#### TASK OBJECTIVE
Return every line from the one with "#127=VECTOR('',#126,1.);" through the one with "#150=FACE_BOUND('',#149,.T.);", inclusive, exactly as it appears below.

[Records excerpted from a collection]
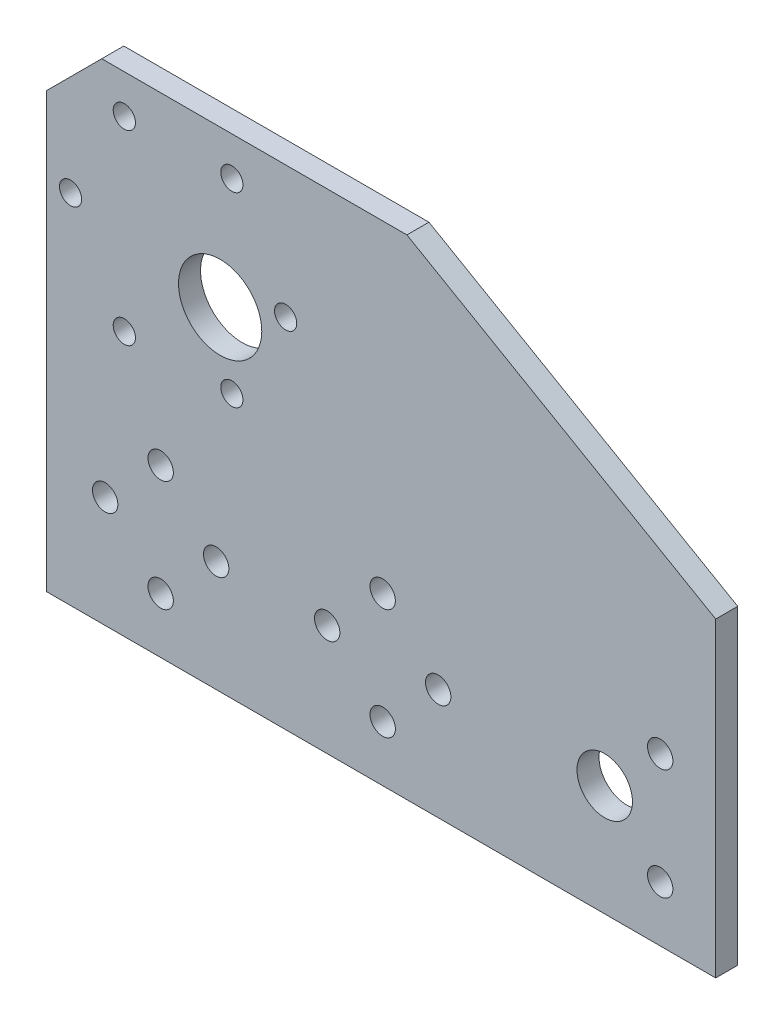
ISO-10303-21;
HEADER;
FILE_DESCRIPTION(('STEP AP214'),'2;1');
FILE_NAME('part.step','',(''),(''),'','','');
FILE_SCHEMA(('AUTOMOTIVE_DESIGN { 1 0 10303 214 1 1 1 1 }'));
ENDSEC;
DATA;
#1=APPLICATION_CONTEXT('core data for automotive mechanical design processes');
#2=APPLICATION_PROTOCOL_DEFINITION('international standard','automotive_design',2000,#1);
#3=PRODUCT_CONTEXT('',#1,'mechanical');
#4=PRODUCT('Part','Part','',(#3));
#5=PRODUCT_RELATED_PRODUCT_CATEGORY('part','',(#4));
#6=PRODUCT_DEFINITION_FORMATION('','',#4);
#7=PRODUCT_DEFINITION_CONTEXT('part definition',#1,'design');
#8=PRODUCT_DEFINITION('design','',#6,#7);
#9=PRODUCT_DEFINITION_SHAPE('','',#8);
#10=(LENGTH_UNIT() NAMED_UNIT(*) SI_UNIT(.MILLI.,.METRE.));
#11=(NAMED_UNIT(*) PLANE_ANGLE_UNIT() SI_UNIT($,.RADIAN.));
#12=(NAMED_UNIT(*) SI_UNIT($,.STERADIAN.) SOLID_ANGLE_UNIT());
#13=UNCERTAINTY_MEASURE_WITH_UNIT(LENGTH_MEASURE(1.E-05),#10,'distance_accuracy_value','');
#14=(GEOMETRIC_REPRESENTATION_CONTEXT(3) GLOBAL_UNCERTAINTY_ASSIGNED_CONTEXT((#13)) GLOBAL_UNIT_ASSIGNED_CONTEXT((#10,
#11,#12)) REPRESENTATION_CONTEXT('',''));
#15=CARTESIAN_POINT('',(0.,0.,0.));
#16=DIRECTION('',(0.,0.,1.));
#17=DIRECTION('',(1.,0.,0.));
#18=AXIS2_PLACEMENT_3D('',#15,#16,#17);
#19=CARTESIAN_POINT('',(16.,28.803791580562,-3.175));
#20=DIRECTION('',(1.,0.,0.));
#21=DIRECTION('',(0.,1.,0.));
#22=AXIS2_PLACEMENT_3D('',#19,#20,#21);
#23=PLANE('',#22);
#24=DIRECTION('',(0.,1.,0.));
#25=VECTOR('',#24,1.);
#26=CARTESIAN_POINT('',(16.,28.803791580562,0.));
#27=LINE('',#26,#25);
#28=CARTESIAN_POINT('',(16.,-16.,0.));
#29=VERTEX_POINT('',#28);
#30=CARTESIAN_POINT('',(16.,28.803791580562,0.));
#31=VERTEX_POINT('',#30);
#32=EDGE_CURVE('E117',#29,#31,#27,.T.);
#33=ORIENTED_EDGE('',*,*,#32,.F.);
#34=DIRECTION('',(0.,0.,1.));
#35=VECTOR('',#34,1.);
#36=CARTESIAN_POINT('',(16.,-16.,-3.175));
#37=LINE('',#36,#35);
#38=CARTESIAN_POINT('',(16.,-16.,-3.175));
#39=VERTEX_POINT('',#38);
#40=EDGE_CURVE('E11',#39,#29,#37,.T.);
#41=ORIENTED_EDGE('',*,*,#40,.F.);
#42=DIRECTION('',(0.,1.,0.));
#43=VECTOR('',#42,1.);
#44=CARTESIAN_POINT('',(16.,28.803791580562,-3.175));
#45=LINE('',#44,#43);
#46=CARTESIAN_POINT('',(16.,28.803791580562,-3.175));
#47=VERTEX_POINT('',#46);
#48=EDGE_CURVE('E132',#39,#47,#45,.T.);
#49=ORIENTED_EDGE('',*,*,#48,.T.);
#50=DIRECTION('',(0.,0.,1.));
#51=VECTOR('',#50,1.);
#52=CARTESIAN_POINT('',(16.,28.803791580562,-3.175));
#53=LINE('',#52,#51);
#54=EDGE_CURVE('E35',#47,#31,#53,.T.);
#55=ORIENTED_EDGE('',*,*,#54,.T.);
#56=EDGE_LOOP('',(#33,#41,#49,#55));
#57=FACE_BOUND('',#56,.T.);
#58=ADVANCED_FACE('F32',(#57),#23,.T.);
#59=CARTESIAN_POINT('',(16.,-16.,-3.175));
#60=DIRECTION('',(0.,-1.,0.));
#61=DIRECTION('',(1.,0.,0.));
#62=AXIS2_PLACEMENT_3D('',#59,#60,#61);
#63=PLANE('',#62);
#64=DIRECTION('',(1.,0.,0.));
#65=VECTOR('',#64,1.);
#66=CARTESIAN_POINT('',(16.,-16.,0.));
#67=LINE('',#66,#65);
#68=CARTESIAN_POINT('',(-80.4878036686956,-16.,0.));
#69=VERTEX_POINT('',#68);
#70=EDGE_CURVE('E130',#69,#29,#67,.T.);
#71=ORIENTED_EDGE('',*,*,#70,.F.);
#72=DIRECTION('',(0.,0.,1.));
#73=VECTOR('',#72,1.);
#74=CARTESIAN_POINT('',(-80.4878036686956,-16.,-3.175));
#75=LINE('',#74,#73);
#76=CARTESIAN_POINT('',(-80.4878036686956,-16.,-3.175));
#77=VERTEX_POINT('',#76);
#78=EDGE_CURVE('E41',#77,#69,#75,.T.);
#79=ORIENTED_EDGE('',*,*,#78,.F.);
#80=DIRECTION('',(1.,0.,0.));
#81=VECTOR('',#80,1.);
#82=CARTESIAN_POINT('',(16.,-16.,-3.175));
#83=LINE('',#82,#81);
#84=EDGE_CURVE('E107',#77,#39,#83,.T.);
#85=ORIENTED_EDGE('',*,*,#84,.T.);
#86=ORIENTED_EDGE('',*,*,#40,.T.);
#87=EDGE_LOOP('',(#71,#79,#85,#86));
#88=FACE_BOUND('',#87,.T.);
#89=ADVANCED_FACE('F140',(#88),#63,.T.);
#90=CARTESIAN_POINT('',(-80.4878036686956,-16.,-3.175));
#91=DIRECTION('',(-1.,0.,0.));
#92=DIRECTION('',(0.,0.,1.));
#93=AXIS2_PLACEMENT_3D('',#90,#91,#92);
#94=PLANE('',#93);
#95=DIRECTION('',(0.,-1.,0.));
#96=VECTOR('',#95,1.);
#97=CARTESIAN_POINT('',(-80.4878036686956,-16.,0.));
#98=LINE('',#97,#96);
#99=CARTESIAN_POINT('',(-80.4878036686956,46.5,0.));
#100=VERTEX_POINT('',#99);
#101=EDGE_CURVE('E94',#100,#69,#98,.T.);
#102=ORIENTED_EDGE('',*,*,#101,.F.);
#103=DIRECTION('',(0.,0.,1.));
#104=VECTOR('',#103,1.);
#105=CARTESIAN_POINT('',(-80.4878036686956,46.5,-3.175));
#106=LINE('',#105,#104);
#107=CARTESIAN_POINT('',(-80.4878036686956,46.5,-3.175));
#108=VERTEX_POINT('',#107);
#109=EDGE_CURVE('E89',#108,#100,#106,.T.);
#110=ORIENTED_EDGE('',*,*,#109,.F.);
#111=DIRECTION('',(0.,-1.,0.));
#112=VECTOR('',#111,1.);
#113=CARTESIAN_POINT('',(-80.4878036686956,-16.,-3.175));
#114=LINE('',#113,#112);
#115=EDGE_CURVE('E92',#108,#77,#114,.T.);
#116=ORIENTED_EDGE('',*,*,#115,.T.);
#117=ORIENTED_EDGE('',*,*,#78,.T.);
#118=EDGE_LOOP('',(#102,#110,#116,#117));
#119=FACE_BOUND('',#118,.T.);
#120=ADVANCED_FACE('F91',(#119),#94,.T.);
#121=CARTESIAN_POINT('',(-72.4878036686956,54.5000000000001,-3.175));
#122=DIRECTION('',(-0.707106781186548,0.707106781186548,0.));
#123=DIRECTION('',(-0.707106781186548,-0.707106781186548,0.));
#124=AXIS2_PLACEMENT_3D('',#121,#122,#123);
#125=PLANE('',#124);
#126=DIRECTION('',(-0.707106781186548,-0.707106781186548,0.));
#127=VECTOR('',#126,1.);
#128=CARTESIAN_POINT('',(-72.4878036686956,54.5000000000001,0.));
#129=LINE('',#128,#127);
#130=CARTESIAN_POINT('',(-72.4878036686956,54.5000000000001,0.));
#131=VERTEX_POINT('',#130);
#132=EDGE_CURVE('E127',#131,#100,#129,.T.);
#133=ORIENTED_EDGE('',*,*,#132,.F.);
#134=DIRECTION('',(0.,0.,1.));
#135=VECTOR('',#134,1.);
#136=CARTESIAN_POINT('',(-72.4878036686956,54.5000000000001,-3.175));
#137=LINE('',#136,#135);
#138=CARTESIAN_POINT('',(-72.4878036686956,54.5000000000001,-3.175));
#139=VERTEX_POINT('',#138);
#140=EDGE_CURVE('E99',#139,#131,#137,.T.);
#141=ORIENTED_EDGE('',*,*,#140,.F.);
#142=DIRECTION('',(-0.707106781186548,-0.707106781186548,0.));
#143=VECTOR('',#142,1.);
#144=CARTESIAN_POINT('',(-72.4878036686956,54.5000000000001,-3.175));
#145=LINE('',#144,#143);
#146=EDGE_CURVE('E105',#139,#108,#145,.T.);
#147=ORIENTED_EDGE('',*,*,#146,.T.);
#148=ORIENTED_EDGE('',*,*,#109,.T.);
#149=EDGE_LOOP('',(#133,#141,#147,#148));
#150=FACE_BOUND('',#149,.T.);
#151=ADVANCED_FACE('F109',(#150),#125,.T.);
#152=CARTESIAN_POINT('',(-28.5071385443465,54.5000000000002,-3.175));
#153=DIRECTION('',(0.,1.,0.));
#154=DIRECTION('',(-1.,0.,0.));
#155=AXIS2_PLACEMENT_3D('',#152,#153,#154);
#156=PLANE('',#155);
#157=DIRECTION('',(-1.,0.,0.));
#158=VECTOR('',#157,1.);
#159=CARTESIAN_POINT('',(-28.5071385443465,54.5000000000002,0.));
#160=LINE('',#159,#158);
#161=CARTESIAN_POINT('',(-28.5071385443465,54.5000000000002,0.));
#162=VERTEX_POINT('',#161);
#163=EDGE_CURVE('E124',#162,#131,#160,.T.);
#164=ORIENTED_EDGE('',*,*,#163,.F.);
#165=DIRECTION('',(0.,0.,1.));
#166=VECTOR('',#165,1.);
#167=CARTESIAN_POINT('',(-28.5071385443465,54.5000000000002,-3.175));
#168=LINE('',#167,#166);
#169=CARTESIAN_POINT('',(-28.5071385443465,54.5000000000002,-3.175));
#170=VERTEX_POINT('',#169);
#171=EDGE_CURVE('E135',#170,#162,#168,.T.);
#172=ORIENTED_EDGE('',*,*,#171,.F.);
#173=DIRECTION('',(-1.,0.,0.));
#174=VECTOR('',#173,1.);
#175=CARTESIAN_POINT('',(-28.5071385443465,54.5000000000002,-3.175));
#176=LINE('',#175,#174);
#177=EDGE_CURVE('E110',#170,#139,#176,.T.);
#178=ORIENTED_EDGE('',*,*,#177,.T.);
#179=ORIENTED_EDGE('',*,*,#140,.T.);
#180=EDGE_LOOP('',(#164,#172,#178,#179));
#181=FACE_BOUND('',#180,.T.);
#182=ADVANCED_FACE('F153',(#181),#156,.T.);
#183=CARTESIAN_POINT('',(16.,28.803791580562,-3.175));
#184=DIRECTION('',(0.499999999999999,0.866025403784441,0.));
#185=DIRECTION('',(-0.866025403784441,0.499999999999998,0.));
#186=AXIS2_PLACEMENT_3D('',#183,#184,#185);
#187=PLANE('',#186);
#188=DIRECTION('',(-0.86602540378444,0.499999999999998,0.));
#189=VECTOR('',#188,1.);
#190=CARTESIAN_POINT('',(16.,28.803791580562,0.));
#191=LINE('',#190,#189);
#192=EDGE_CURVE('E120',#31,#162,#191,.T.);
#193=ORIENTED_EDGE('',*,*,#192,.F.);
#194=ORIENTED_EDGE('',*,*,#54,.F.);
#195=DIRECTION('',(-0.86602540378444,0.499999999999998,0.));
#196=VECTOR('',#195,1.);
#197=CARTESIAN_POINT('',(16.,28.803791580562,-3.175));
#198=LINE('',#197,#196);
#199=EDGE_CURVE('E112',#47,#170,#198,.T.);
#200=ORIENTED_EDGE('',*,*,#199,.T.);
#201=ORIENTED_EDGE('',*,*,#171,.T.);
#202=EDGE_LOOP('',(#193,#194,#200,#201));
#203=FACE_BOUND('',#202,.T.);
#204=ADVANCED_FACE('F137',(#203),#187,.T.);
#205=CARTESIAN_POINT('',(0.,0.,-3.175));
#206=DIRECTION('',(0.,0.,-1.));
#207=DIRECTION('',(-1.,0.,0.));
#208=AXIS2_PLACEMENT_3D('',#205,#206,#207);
#209=PLANE('',#208);
#210=CARTESIAN_POINT('',(-32.,7.99999999999999,-3.175));
#211=DIRECTION('',(0.,0.,1.));
#212=DIRECTION('',(1.,0.,0.));
#213=AXIS2_PLACEMENT_3D('',#210,#211,#212);
#214=CIRCLE('',#213,1.82879999999999);
#215=CARTESIAN_POINT('',(-30.1712,7.99999999999999,-3.175));
#216=VERTEX_POINT('',#215);
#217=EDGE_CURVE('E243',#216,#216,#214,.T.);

#### EXPECTED OUTPUT
#127=VECTOR('',#126,1.);
#128=CARTESIAN_POINT('',(-72.4878036686956,54.5000000000001,0.));
#129=LINE('',#128,#127);
#130=CARTESIAN_POINT('',(-72.4878036686956,54.5000000000001,0.));
#131=VERTEX_POINT('',#130);
#132=EDGE_CURVE('E127',#131,#100,#129,.T.);
#133=ORIENTED_EDGE('',*,*,#132,.F.);
#134=DIRECTION('',(0.,0.,1.));
#135=VECTOR('',#134,1.);
#136=CARTESIAN_POINT('',(-72.4878036686956,54.5000000000001,-3.175));
#137=LINE('',#136,#135);
#138=CARTESIAN_POINT('',(-72.4878036686956,54.5000000000001,-3.175));
#139=VERTEX_POINT('',#138);
#140=EDGE_CURVE('E99',#139,#131,#137,.T.);
#141=ORIENTED_EDGE('',*,*,#140,.F.);
#142=DIRECTION('',(-0.707106781186548,-0.707106781186548,0.));
#143=VECTOR('',#142,1.);
#144=CARTESIAN_POINT('',(-72.4878036686956,54.5000000000001,-3.175));
#145=LINE('',#144,#143);
#146=EDGE_CURVE('E105',#139,#108,#145,.T.);
#147=ORIENTED_EDGE('',*,*,#146,.T.);
#148=ORIENTED_EDGE('',*,*,#109,.T.);
#149=EDGE_LOOP('',(#133,#141,#147,#148));
#150=FACE_BOUND('',#149,.T.);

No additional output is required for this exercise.